Now, I know I want to spatially trim this file, so it works for a smaller region, containing only nx = 20, ny = 43. This will decrease the amount of data and size significantly I and I know a way to do it. I noticed the area parameter in the read(...) method, which let me choose the proper bounding box coordinates.

ds_small = dfs2.read(area=tuple(left,lower,right,upper))

However, "reading" this decreased amount of data (ds_small) takes just as long as "reading" the original file (ds). How come? I thought the specified bounding box corresponds to the reading/loading time? Obviously not.

Despite my disappointment, am I doing it right, or is there another way to decrease reading time?

Thanks in advance.

AL89 commented

Hi @ecomodeller. Are you saying that the argument area doesn't work as intended?

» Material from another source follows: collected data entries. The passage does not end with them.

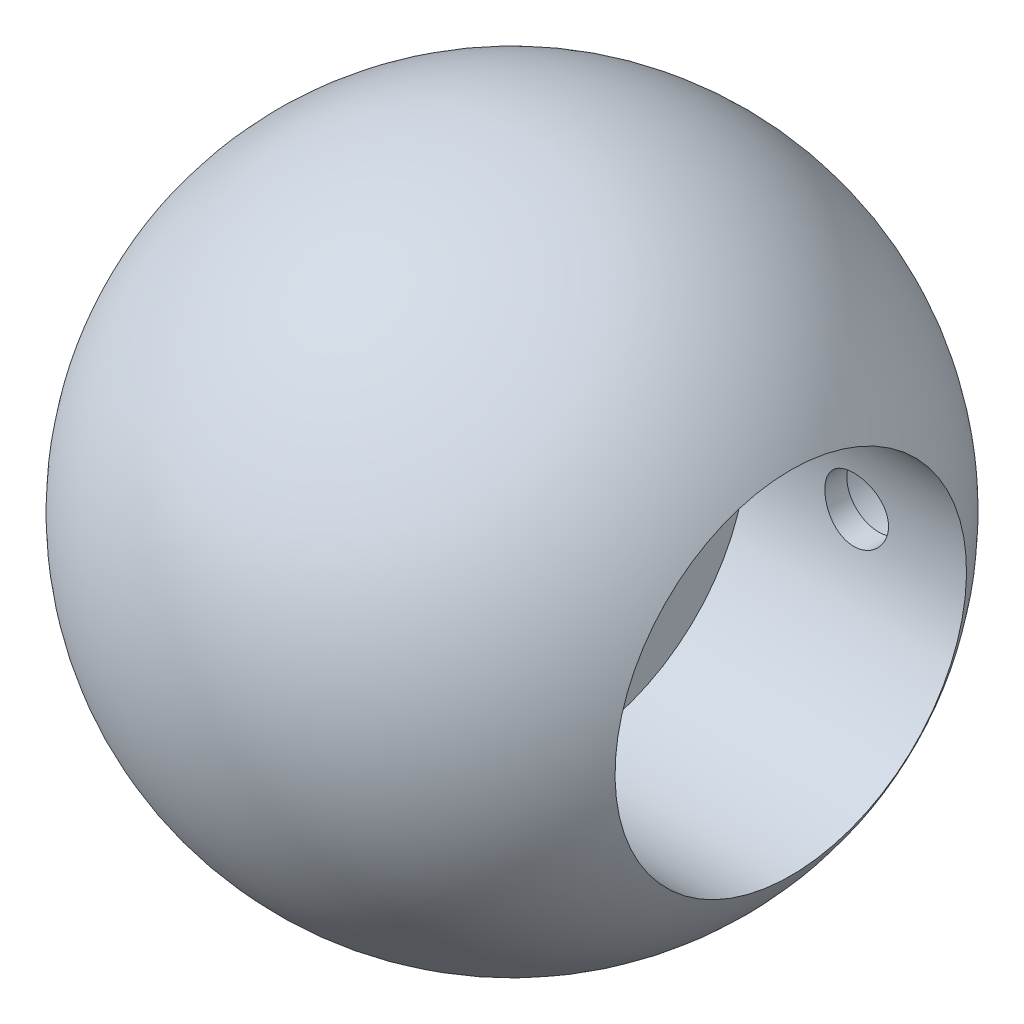
ISO-10303-21;
HEADER;
FILE_DESCRIPTION(('STEP AP214'),'2;1');
FILE_NAME('part.step','',(''),(''),'','','');
FILE_SCHEMA(('AUTOMOTIVE_DESIGN { 1 0 10303 214 1 1 1 1 }'));
ENDSEC;
DATA;
#1=APPLICATION_CONTEXT('core data for automotive mechanical design processes');
#2=APPLICATION_PROTOCOL_DEFINITION('international standard','automotive_design',2000,#1);
#3=PRODUCT_CONTEXT('',#1,'mechanical');
#4=PRODUCT('Part','Part','',(#3));
#5=PRODUCT_RELATED_PRODUCT_CATEGORY('part','',(#4));
#6=PRODUCT_DEFINITION_FORMATION('','',#4);
#7=PRODUCT_DEFINITION_CONTEXT('part definition',#1,'design');
#8=PRODUCT_DEFINITION('design','',#6,#7);
#9=PRODUCT_DEFINITION_SHAPE('','',#8);
#10=(LENGTH_UNIT() NAMED_UNIT(*) SI_UNIT(.MILLI.,.METRE.));
#11=(NAMED_UNIT(*) PLANE_ANGLE_UNIT() SI_UNIT($,.RADIAN.));
#12=(NAMED_UNIT(*) SI_UNIT($,.STERADIAN.) SOLID_ANGLE_UNIT());
#13=UNCERTAINTY_MEASURE_WITH_UNIT(LENGTH_MEASURE(1.E-05),#10,'distance_accuracy_value','');
#14=(GEOMETRIC_REPRESENTATION_CONTEXT(3) GLOBAL_UNCERTAINTY_ASSIGNED_CONTEXT((#13)) GLOBAL_UNIT_ASSIGNED_CONTEXT((#10,
#11,#12)) REPRESENTATION_CONTEXT('',''));
#15=CARTESIAN_POINT('',(0.,0.,0.));
#16=DIRECTION('',(0.,0.,1.));
#17=DIRECTION('',(1.,0.,0.));
#18=AXIS2_PLACEMENT_3D('',#15,#16,#17);
#19=CARTESIAN_POINT('',(2.68857754044952,0.,0.));
#20=DIRECTION('',(1.,0.,0.));
#21=DIRECTION('',(0.,1.,0.));
#22=AXIS2_PLACEMENT_3D('',#19,#20,#21);
#23=CYLINDRICAL_SURFACE('',#22,8.);
#24=CARTESIAN_POINT('',(2.68857754044952,0.,0.));
#25=DIRECTION('',(1.,0.,0.));
#26=DIRECTION('',(0.,1.,0.));
#27=AXIS2_PLACEMENT_3D('',#24,#25,#26);
#28=CIRCLE('',#27,8.);
#29=CARTESIAN_POINT('',(2.68857754044952,8.,0.));
#30=VERTEX_POINT('',#29);
#31=EDGE_CURVE('E10',#30,#30,#28,.T.);
#32=ORIENTED_EDGE('',*,*,#31,.F.);
#33=EDGE_LOOP('',(#32));
#34=FACE_BOUND('',#33,.T.);
#35=CARTESIAN_POINT('',(12.6885775404495,0.,0.));
#36=DIRECTION('',(1.,0.,0.));
#37=DIRECTION('',(0.,1.,0.));
#38=AXIS2_PLACEMENT_3D('',#35,#36,#37);
#39=CIRCLE('',#38,8.);
#40=CARTESIAN_POINT('',(12.6885775404495,8.,0.));
#41=VERTEX_POINT('',#40);
#42=EDGE_CURVE('E50',#41,#41,#39,.T.);
#43=ORIENTED_EDGE('',*,*,#42,.T.);
#44=EDGE_LOOP('',(#43));
#45=FACE_BOUND('',#44,.T.);
#46=CARTESIAN_POINT('',(6.23857754044952,0.,-8.));
#47=CARTESIAN_POINT('',(6.2385806760552,-0.0807384168234218,-7.99999855711492));
#48=CARTESIAN_POINT('',(6.2453438010963,-0.161518203029463,-7.99876509049859));
#49=CARTESIAN_POINT('',(6.27220211897829,-0.320804782772892,-7.9939633998169));
#50=CARTESIAN_POINT('',(6.29230887818976,-0.399309542630493,-7.99039315024603));
#51=CARTESIAN_POINT('',(6.34522131851264,-0.551719111767319,-7.98131760656954));
#52=CARTESIAN_POINT('',(6.37801586589205,-0.625627888274455,-7.97581400939515));
#53=CARTESIAN_POINT('',(6.45534210489281,-0.766886478728498,-7.96347404674392));
#54=CARTESIAN_POINT('',(6.49987272513365,-0.83423689061719,-7.9566378029386));
#55=CARTESIAN_POINT('',(6.59993798264261,-0.961230528069859,-7.94230232780297));
#56=CARTESIAN_POINT('',(6.65557873062222,-1.02078947767733,-7.93479712298762));
#57=CARTESIAN_POINT('',(6.77605649344991,-1.12978079245367,-7.92001437127186));
#58=CARTESIAN_POINT('',(6.8408941424298,-1.17921245876536,-7.91273684011195));
#59=CARTESIAN_POINT('',(6.97851565072859,-1.26689260060321,-7.89917544937293));
#60=CARTESIAN_POINT('',(7.05135448403173,-1.30505608656449,-7.89289929776914));
#61=CARTESIAN_POINT('',(7.20254224729483,-1.36857266110055,-7.88213507076236));
#62=CARTESIAN_POINT('',(7.28089073397106,-1.39392677892338,-7.877646851703));
#63=CARTESIAN_POINT('',(7.43997455469452,-1.43083595475153,-7.87102659917878));
#64=CARTESIAN_POINT('',(7.52067483194885,-1.44253754065479,-7.86886956478164));
#65=CARTESIAN_POINT('',(7.68291991739962,-1.4522641471114,-7.86708046082951));
#66=CARTESIAN_POINT('',(7.76446465430429,-1.45029031293551,-7.86744817983483));
#67=CARTESIAN_POINT('',(7.92502722435841,-1.43284109082218,-7.87064425220334));
#68=CARTESIAN_POINT('',(8.00406378675053,-1.41753168809446,-7.87344235385138));
#69=CARTESIAN_POINT('',(8.15842772248454,-1.37410702319918,-7.88113645094699));
#70=CARTESIAN_POINT('',(8.23375494748332,-1.3459912493418,-7.88603253022063));
#71=CARTESIAN_POINT('',(8.37905110877286,-1.27758777101005,-7.8974028718839));
#72=CARTESIAN_POINT('',(8.44898750223014,-1.23723245261723,-7.90388586131608));
#73=CARTESIAN_POINT('',(8.58115872016692,-1.14554329981403,-7.91769369687743));
#74=CARTESIAN_POINT('',(8.64339281181744,-1.0942084220285,-7.92501862298427));
#75=CARTESIAN_POINT('',(8.75935241474076,-0.981119488893101,-7.93981716356005));
#76=CARTESIAN_POINT('',(8.81293935093176,-0.919223320820417,-7.947291380577));
#77=CARTESIAN_POINT('',(8.90898921520575,-0.787245929686102,-7.961447183467));
#78=CARTESIAN_POINT('',(8.951452045184,-0.717164634446797,-7.96812876234942));
#79=CARTESIAN_POINT('',(9.02406629758833,-0.570666241716288,-7.97995863477376));
#80=CARTESIAN_POINT('',(9.05420398556251,-0.494242189626407,-7.98510521608114));
#81=CARTESIAN_POINT('',(9.10117595484837,-0.337302535747974,-7.99327184080502));
#82=CARTESIAN_POINT('',(9.11801155534458,-0.256787340526246,-7.99629209508878));
#83=CARTESIAN_POINT('',(9.1377101366545,-0.0951438150286457,-7.9998369910284));
#84=CARTESIAN_POINT('',(9.1407630987907,-0.0140393560781258,-8.00039556220426));
#85=CARTESIAN_POINT('',(9.13331837721171,0.147521420048085,-7.99904763243992));
#86=CARTESIAN_POINT('',(9.12282131392907,0.22797776673,-7.997141244366));
#87=CARTESIAN_POINT('',(9.08873249594202,0.385360780150269,-7.99109868648559));
#88=CARTESIAN_POINT('',(9.06523622590725,0.462308807440176,-7.98697878218856));
#89=CARTESIAN_POINT('',(9.00591881521586,0.611173476743285,-7.97696921908575));
#90=CARTESIAN_POINT('',(8.97009688126328,0.683089794550443,-7.97107944637202));
#91=CARTESIAN_POINT('',(8.88671996121872,0.820664915616786,-7.95809888753131));
#92=CARTESIAN_POINT('',(8.83904808061476,0.886251746357814,-7.95099637108971));
#93=CARTESIAN_POINT('',(8.73348348469769,1.0085627806793,-7.93640989650367));
#94=CARTESIAN_POINT('',(8.67558988171202,1.06528621373946,-7.92892590527147));
#95=CARTESIAN_POINT('',(8.55036756546034,1.16897670385417,-7.91430829115978));
#96=CARTESIAN_POINT('',(8.48293107405102,1.21581450012393,-7.90718014246468));
#97=CARTESIAN_POINT('',(8.34103568380943,1.29749725361189,-7.89418891323489));
#98=CARTESIAN_POINT('',(8.26657703508326,1.33234263775492,-7.8883257876687));
#99=CARTESIAN_POINT('',(8.11308944653165,1.38886500670451,-7.87857082899044));
#100=CARTESIAN_POINT('',(8.03408351188765,1.41060282081408,-7.87466990395995));
#101=CARTESIAN_POINT('',(7.87346393009722,1.44048187516075,-7.8692595951911));
#102=CARTESIAN_POINT('',(7.79185055668939,1.44862453791815,-7.86774996124231));
#103=CARTESIAN_POINT('',(7.62962625273182,1.45103699837206,-7.86730526599662));
#104=CARTESIAN_POINT('',(7.54901838474906,1.44551054413902,-7.86833239212087));
#105=CARTESIAN_POINT('',(7.38990057100897,1.42118600391509,-7.8727619445481));
#106=CARTESIAN_POINT('',(7.31139061462356,1.4023879851716,-7.87616435881542));
#107=CARTESIAN_POINT('',(7.15879725189389,1.35213747052833,-7.88494567612137));
#108=CARTESIAN_POINT('',(7.08470684412602,1.32070563533443,-7.89032135095004));
#109=CARTESIAN_POINT('',(6.94281832550962,1.24610154534256,-7.90244600960305));
#110=CARTESIAN_POINT('',(6.87502061896064,1.20292853688572,-7.90919508157791));
#111=CARTESIAN_POINT('',(6.74661862541525,1.10535337918196,-7.92342424931987));
#112=CARTESIAN_POINT('',(6.68612838500231,1.05080242837479,-7.93091325960403));
#113=CARTESIAN_POINT('',(6.57509187779481,0.932331416247753,-7.94571044164199));
#114=CARTESIAN_POINT('',(6.52454790032193,0.868409203847946,-7.95301857142509));
#115=CARTESIAN_POINT('',(6.43444768382675,0.732373457191772,-7.96670175025596));
#116=CARTESIAN_POINT('',(6.39498649329062,0.660196116623782,-7.97306851844025));
#117=CARTESIAN_POINT('',(6.32881238402514,0.51014608807437,-7.98407092348129));
#118=CARTESIAN_POINT('',(6.30208726399341,0.432278933836142,-7.98870821626546));
#119=CARTESIAN_POINT('',(6.26768795438668,0.295132428700154,-7.99476282370485));
#120=CARTESIAN_POINT('',(6.25678983347495,0.23666406321825,-7.99671586095906));
#121=CARTESIAN_POINT('',(6.24223355481907,0.118804585232507,-7.99933496541903));
#122=CARTESIAN_POINT('',(6.23857523303137,0.0594134936670606,-8.00000106178505));
#123=CARTESIAN_POINT('',(6.23857754044952,0.,-8.));
#124=B_SPLINE_CURVE_WITH_KNOTS('',3,(#46,#47,#48,#49,#50,#51,#52,#53,#54,#55,#56,#57,#58,#59,
#60,#61,#62,#63,#64,#65,#66,#67,#68,#69,#70,#71,#72,#73,#74,#75,#76,#77,#78,#79,#80,#81,#82,#83,
#84,#85,#86,#87,#88,#89,#90,#91,#92,#93,#94,#95,#96,#97,#98,#99,#100,#101,#102,#103,#104,#105,
#106,#107,#108,#109,#110,#111,#112,#113,#114,#115,#116,#117,#118,#119,#120,#121,#122,#123),
.UNSPECIFIED.,.T.,.F.,(4,2,2,2,2,2,2,2,2,2,2,2,2,2,2,2,2,2,2,2,2,2,2,2,2,2,2,2,2,2,2,2,2,2,2,2,
2,2,4),(0.,0.241998005083903,0.484206050469161,0.726202034835193,0.968175935150453,
1.21258210508713,1.45700513517391,1.70322719237315,1.94942946218773,2.19296428672087,
2.43647871627249,2.67700479284052,2.91754048068242,3.15942992047401,3.40134235696736,
3.64681209460557,3.89228399699606,4.13802869911066,4.38374902735811,4.62607176898318,
4.86838341545722,5.10893836825512,5.34950880638366,5.59255371621676,5.83561974289255,
6.0816902042224,6.3277519046408,6.57266271856359,6.8175479047878,7.05880495959788,
7.30006079196023,7.54092368157355,7.78180203568168,8.02605402091786,8.27036215980735,
8.51670566292771,8.76281268933125,8.94089733977542,9.11897795502874),.UNSPECIFIED.);
#125=CARTESIAN_POINT('',(6.23857754044952,0.,-8.));
#126=VERTEX_POINT('',#125);
#127=EDGE_CURVE('E60',#126,#126,#124,.T.);
#128=ORIENTED_EDGE('',*,*,#127,.F.);
#129=EDGE_LOOP('',(#128));
#130=FACE_BOUND('',#129,.T.);
#131=CARTESIAN_POINT('',(6.23857754044952,0.,8.));
#132=CARTESIAN_POINT('',(6.2385806760552,0.0807384168234219,7.99999855711492));
#133=CARTESIAN_POINT('',(6.2453438010963,0.161518203029463,7.99876509049859));
#134=CARTESIAN_POINT('',(6.27220211897829,0.320804782772892,7.9939633998169));
#135=CARTESIAN_POINT('',(6.29230887818976,0.399309542630494,7.99039315024603));
#136=CARTESIAN_POINT('',(6.34522131851264,0.551719111767319,7.98131760656954));
#137=CARTESIAN_POINT('',(6.37801586589205,0.625627888274455,7.97581400939515));
#138=CARTESIAN_POINT('',(6.45534210489281,0.766886478728498,7.96347404674392));
#139=CARTESIAN_POINT('',(6.49987272513365,0.83423689061719,7.9566378029386));
#140=CARTESIAN_POINT('',(6.59993798264261,0.961230528069859,7.94230232780297));
#141=CARTESIAN_POINT('',(6.65557873062222,1.02078947767733,7.93479712298762));
#142=CARTESIAN_POINT('',(6.77605649344991,1.12978079245367,7.92001437127186));
#143=CARTESIAN_POINT('',(6.8408941424298,1.17921245876536,7.91273684011195));
#144=CARTESIAN_POINT('',(6.97851565072859,1.26689260060321,7.89917544937293));
#145=CARTESIAN_POINT('',(7.05135448403173,1.30505608656449,7.89289929776914));
#146=CARTESIAN_POINT('',(7.20254224729483,1.36857266110055,7.88213507076236));
#147=CARTESIAN_POINT('',(7.28089073397106,1.39392677892338,7.877646851703));
#148=CARTESIAN_POINT('',(7.43997455469452,1.43083595475153,7.87102659917878));
#149=CARTESIAN_POINT('',(7.52067483194885,1.44253754065479,7.86886956478164));
#150=CARTESIAN_POINT('',(7.68291991739962,1.4522641471114,7.86708046082951));
#151=CARTESIAN_POINT('',(7.76446465430429,1.45029031293551,7.86744817983483));
#152=CARTESIAN_POINT('',(7.92502722435841,1.43284109082218,7.87064425220334));
#153=CARTESIAN_POINT('',(8.00406378675053,1.41753168809446,7.87344235385138));
#154=CARTESIAN_POINT('',(8.15842772248454,1.37410702319918,7.88113645094699));
#155=CARTESIAN_POINT('',(8.23375494748332,1.3459912493418,7.88603253022062));
#156=CARTESIAN_POINT('',(8.37905110877286,1.27758777101005,7.8974028718839));
#157=CARTESIAN_POINT('',(8.44898750223014,1.23723245261723,7.90388586131608));
#158=CARTESIAN_POINT('',(8.58115872016692,1.14554329981403,7.91769369687743));
#159=CARTESIAN_POINT('',(8.64339281181744,1.0942084220285,7.92501862298426));
#160=CARTESIAN_POINT('',(8.75935241474076,0.981119488893101,7.93981716356005));
#161=CARTESIAN_POINT('',(8.81293935093176,0.919223320820418,7.947291380577));
#162=CARTESIAN_POINT('',(8.90898921520575,0.787245929686103,7.961447183467));
#163=CARTESIAN_POINT('',(8.951452045184,0.717164634446797,7.96812876234941));
#164=CARTESIAN_POINT('',(9.02406629758833,0.570666241716289,7.97995863477376));
#165=CARTESIAN_POINT('',(9.05420398556251,0.494242189626407,7.98510521608114));
#166=CARTESIAN_POINT('',(9.10117595484837,0.337302535747974,7.99327184080502));
#167=CARTESIAN_POINT('',(9.11801155534458,0.256787340526246,7.99629209508878));
#168=CARTESIAN_POINT('',(9.1377101366545,0.0951438150286459,7.9998369910284));
#169=CARTESIAN_POINT('',(9.1407630987907,0.0140393560781263,8.00039556220426));
#170=CARTESIAN_POINT('',(9.13331837721171,-0.147521420048084,7.99904763243992));
#171=CARTESIAN_POINT('',(9.12282131392907,-0.227977766729999,7.997141244366));
#172=CARTESIAN_POINT('',(9.08873249594202,-0.385360780150268,7.99109868648559));
#173=CARTESIAN_POINT('',(9.06523622590725,-0.462308807440174,7.98697878218856));
#174=CARTESIAN_POINT('',(9.00591881521586,-0.611173476743283,7.97696921908575));
#175=CARTESIAN_POINT('',(8.97009688126328,-0.683089794550442,7.97107944637202));
#176=CARTESIAN_POINT('',(8.88671996121872,-0.820664915616785,7.95809888753131));
#177=CARTESIAN_POINT('',(8.83904808061476,-0.886251746357813,7.95099637108971));
#178=CARTESIAN_POINT('',(8.73348348469769,-1.0085627806793,7.93640989650367));
#179=CARTESIAN_POINT('',(8.67558988171202,-1.06528621373946,7.92892590527147));
#180=CARTESIAN_POINT('',(8.55036756546034,-1.16897670385416,7.91430829115978));
#181=CARTESIAN_POINT('',(8.48293107405103,-1.21581450012393,7.90718014246468));
#182=CARTESIAN_POINT('',(8.34103568380944,-1.29749725361189,7.89418891323489));
#183=CARTESIAN_POINT('',(8.26657703508327,-1.33234263775492,7.88832578766869));
#184=CARTESIAN_POINT('',(8.11308944653165,-1.38886500670451,7.87857082899044));
#185=CARTESIAN_POINT('',(8.03408351188765,-1.41060282081408,7.87466990395996));
#186=CARTESIAN_POINT('',(7.87346393009722,-1.44048187516075,7.8692595951911));
#187=CARTESIAN_POINT('',(7.79185055668939,-1.44862453791815,7.86774996124231));
#188=CARTESIAN_POINT('',(7.62962625273182,-1.45103699837206,7.86730526599662));
#189=CARTESIAN_POINT('',(7.54901838474906,-1.44551054413902,7.86833239212087));
#190=CARTESIAN_POINT('',(7.38990057100897,-1.42118600391509,7.8727619445481));
#191=CARTESIAN_POINT('',(7.31139061462356,-1.4023879851716,7.87616435881542));
#192=CARTESIAN_POINT('',(7.15879725189389,-1.35213747052833,7.88494567612137));
#193=CARTESIAN_POINT('',(7.08470684412602,-1.32070563533443,7.89032135095004));
#194=CARTESIAN_POINT('',(6.94281832550962,-1.24610154534256,7.90244600960305));
#195=CARTESIAN_POINT('',(6.87502061896064,-1.20292853688572,7.90919508157791));
#196=CARTESIAN_POINT('',(6.74661862541525,-1.10535337918196,7.92342424931987));
#197=CARTESIAN_POINT('',(6.68612838500231,-1.05080242837479,7.93091325960403));
#198=CARTESIAN_POINT('',(6.57509187779481,-0.932331416247753,7.94571044164199));
#199=CARTESIAN_POINT('',(6.52454790032193,-0.868409203847946,7.95301857142509));
#200=CARTESIAN_POINT('',(6.43444768382675,-0.732373457191773,7.96670175025596));
#201=CARTESIAN_POINT('',(6.39498649329062,-0.660196116623782,7.97306851844025));
#202=CARTESIAN_POINT('',(6.32881238402514,-0.51014608807437,7.98407092348129));
#203=CARTESIAN_POINT('',(6.30208726399341,-0.432278933836143,7.98870821626546));
#204=CARTESIAN_POINT('',(6.26768795438668,-0.295132428700155,7.99476282370485));
#205=CARTESIAN_POINT('',(6.25678983347495,-0.23666406321825,7.99671586095906));
#206=CARTESIAN_POINT('',(6.24223355481907,-0.118804585232507,7.99933496541903));
#207=CARTESIAN_POINT('',(6.23857523303137,-0.0594134936670606,8.00000106178504));
#208=CARTESIAN_POINT('',(6.23857754044952,0.,8.));
#209=B_SPLINE_CURVE_WITH_KNOTS('',3,(#131,#132,#133,#134,#135,#136,#137,#138,#139,#140,#141,
#142,#143,#144,#145,#146,#147,#148,#149,#150,#151,#152,#153,#154,#155,#156,#157,#158,#159,#160,
#161,#162,#163,#164,#165,#166,#167,#168,#169,#170,#171,#172,#173,#174,#175,#176,#177,#178,#179,
#180,#181,#182,#183,#184,#185,#186,#187,#188,#189,#190,#191,#192,#193,#194,#195,#196,#197,#198,
#199,#200,#201,#202,#203,#204,#205,#206,#207,#208),.UNSPECIFIED.,.T.,.F.,(4,2,2,2,2,2,2,2,2,2,2,
2,2,2,2,2,2,2,2,2,2,2,2,2,2,2,2,2,2,2,2,2,2,2,2,2,2,2,4),(0.,0.241998005083904,
0.484206050469161,0.726202034835193,0.968175935150453,1.21258210508713,1.45700513517391,
1.70322719237315,1.94942946218773,2.19296428672087,2.43647871627249,2.67700479284052,
2.91754048068242,3.15942992047401,3.40134235696736,3.64681209460557,3.89228399699606,
4.13802869911066,4.38374902735812,4.62607176898318,4.86838341545722,5.10893836825512,
5.34950880638366,5.59255371621676,5.83561974289254,6.0816902042224,6.3277519046408,
6.57266271856359,6.8175479047878,7.05880495959788,7.30006079196023,7.54092368157355,
7.78180203568168,8.02605402091786,8.27036215980735,8.51670566292771,8.76281268933125,
8.94089733977542,9.11897795502874),.UNSPECIFIED.);
#210=CARTESIAN_POINT('',(6.23857754044952,0.,8.));
#211=VERTEX_POINT('',#210);
#212=EDGE_CURVE('E41',#211,#211,#209,.T.);
#213=ORIENTED_EDGE('',*,*,#212,.F.);
#214=EDGE_LOOP('',(#213));
#215=FACE_BOUND('',#214,.T.);
#216=ADVANCED_FACE('F37',(#34,#45,#130,#215),#23,.F.);
#217=CARTESIAN_POINT('',(0.,0.,0.));
#218=DIRECTION('',(1.,0.,0.));
#219=DIRECTION('',(0.,1.,0.));
#220=AXIS2_PLACEMENT_3D('',#217,#218,#219);
#221=SPHERICAL_SURFACE('',#220,15.);
#222=CARTESIAN_POINT('',(5.7554001804783,-1.66292672565411,-13.7517287446944));
#223=CARTESIAN_POINT('',(5.85597040156539,-1.77982851218323,-13.69549955601));
#224=CARTESIAN_POINT('',(5.96594759001413,-1.88615774931675,-13.6336642892089));
#225=CARTESIAN_POINT('',(6.19979581173382,-2.07576545040009,-13.5011445821784));
#226=CARTESIAN_POINT('',(6.32369916984898,-2.15898866182964,-13.4304395076688));
#227=CARTESIAN_POINT('',(6.58013802978415,-2.30113459623749,-13.2828210027381));
#228=CARTESIAN_POINT('',(6.71262109854603,-2.36019127571427,-13.2059447013427));
#229=CARTESIAN_POINT('',(6.98298907175049,-2.45461990482593,-13.0475856407814));
#230=CARTESIAN_POINT('',(7.12087206386802,-2.49000016034742,-12.9661045079184));
#231=CARTESIAN_POINT('',(7.41426257524535,-2.54003400397789,-12.7910098627009));
#232=CARTESIAN_POINT('',(7.57003156807434,-2.55195985787169,-12.6970517488183));
#233=CARTESIAN_POINT('',(7.88036412620337,-2.54751421692215,-12.5077223448915));
#234=CARTESIAN_POINT('',(8.03492691119143,-2.53112571947862,-12.4123502398526));
#235=CARTESIAN_POINT('',(8.3506247540197,-2.46820158596749,-12.2152888924182));
#236=CARTESIAN_POINT('',(8.5113727225789,-2.41947955189239,-12.113667435898));
#237=CARTESIAN_POINT('',(8.8225388500805,-2.29020239432537,-11.9145327787832));
#238=CARTESIAN_POINT('',(8.97295039968746,-2.20962712144216,-11.8170222219093));
#239=CARTESIAN_POINT('',(9.25503603634732,-2.01917567196227,-11.6320236816857));
#240=CARTESIAN_POINT('',(9.38703982257336,-1.9099570628173,-11.5443670135127));
#241=CARTESIAN_POINT('',(9.62979612964305,-1.66253839914932,-11.3815403273166));
#242=CARTESIAN_POINT('',(9.74060003001782,-1.52441015701533,-11.3063401809659));
#243=CARTESIAN_POINT('',(9.90354894350358,-1.26949189365885,-11.1948830750827));
#244=CARTESIAN_POINT('',(9.9631974874741,-1.1595635220254,-11.1538052093547));
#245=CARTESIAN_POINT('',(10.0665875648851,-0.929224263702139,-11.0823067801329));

The area argument allows you to read a subset, also from a file which wouldn't fit in memory, so it works as intended, but it is far from an optimal solution.

The problem is here:

itemdata = self._dfs.ReadItemTimeStep(item_numbers[item] + 1, int(it))

We can subset items and time, but not space.

This would have to be added in mikecore and actually in the ufs C library.

AL89 commented

Okay, I understand.
I am glad, though, that the current solution works and use less memory than loading the original file.

I guess you can close the issue now.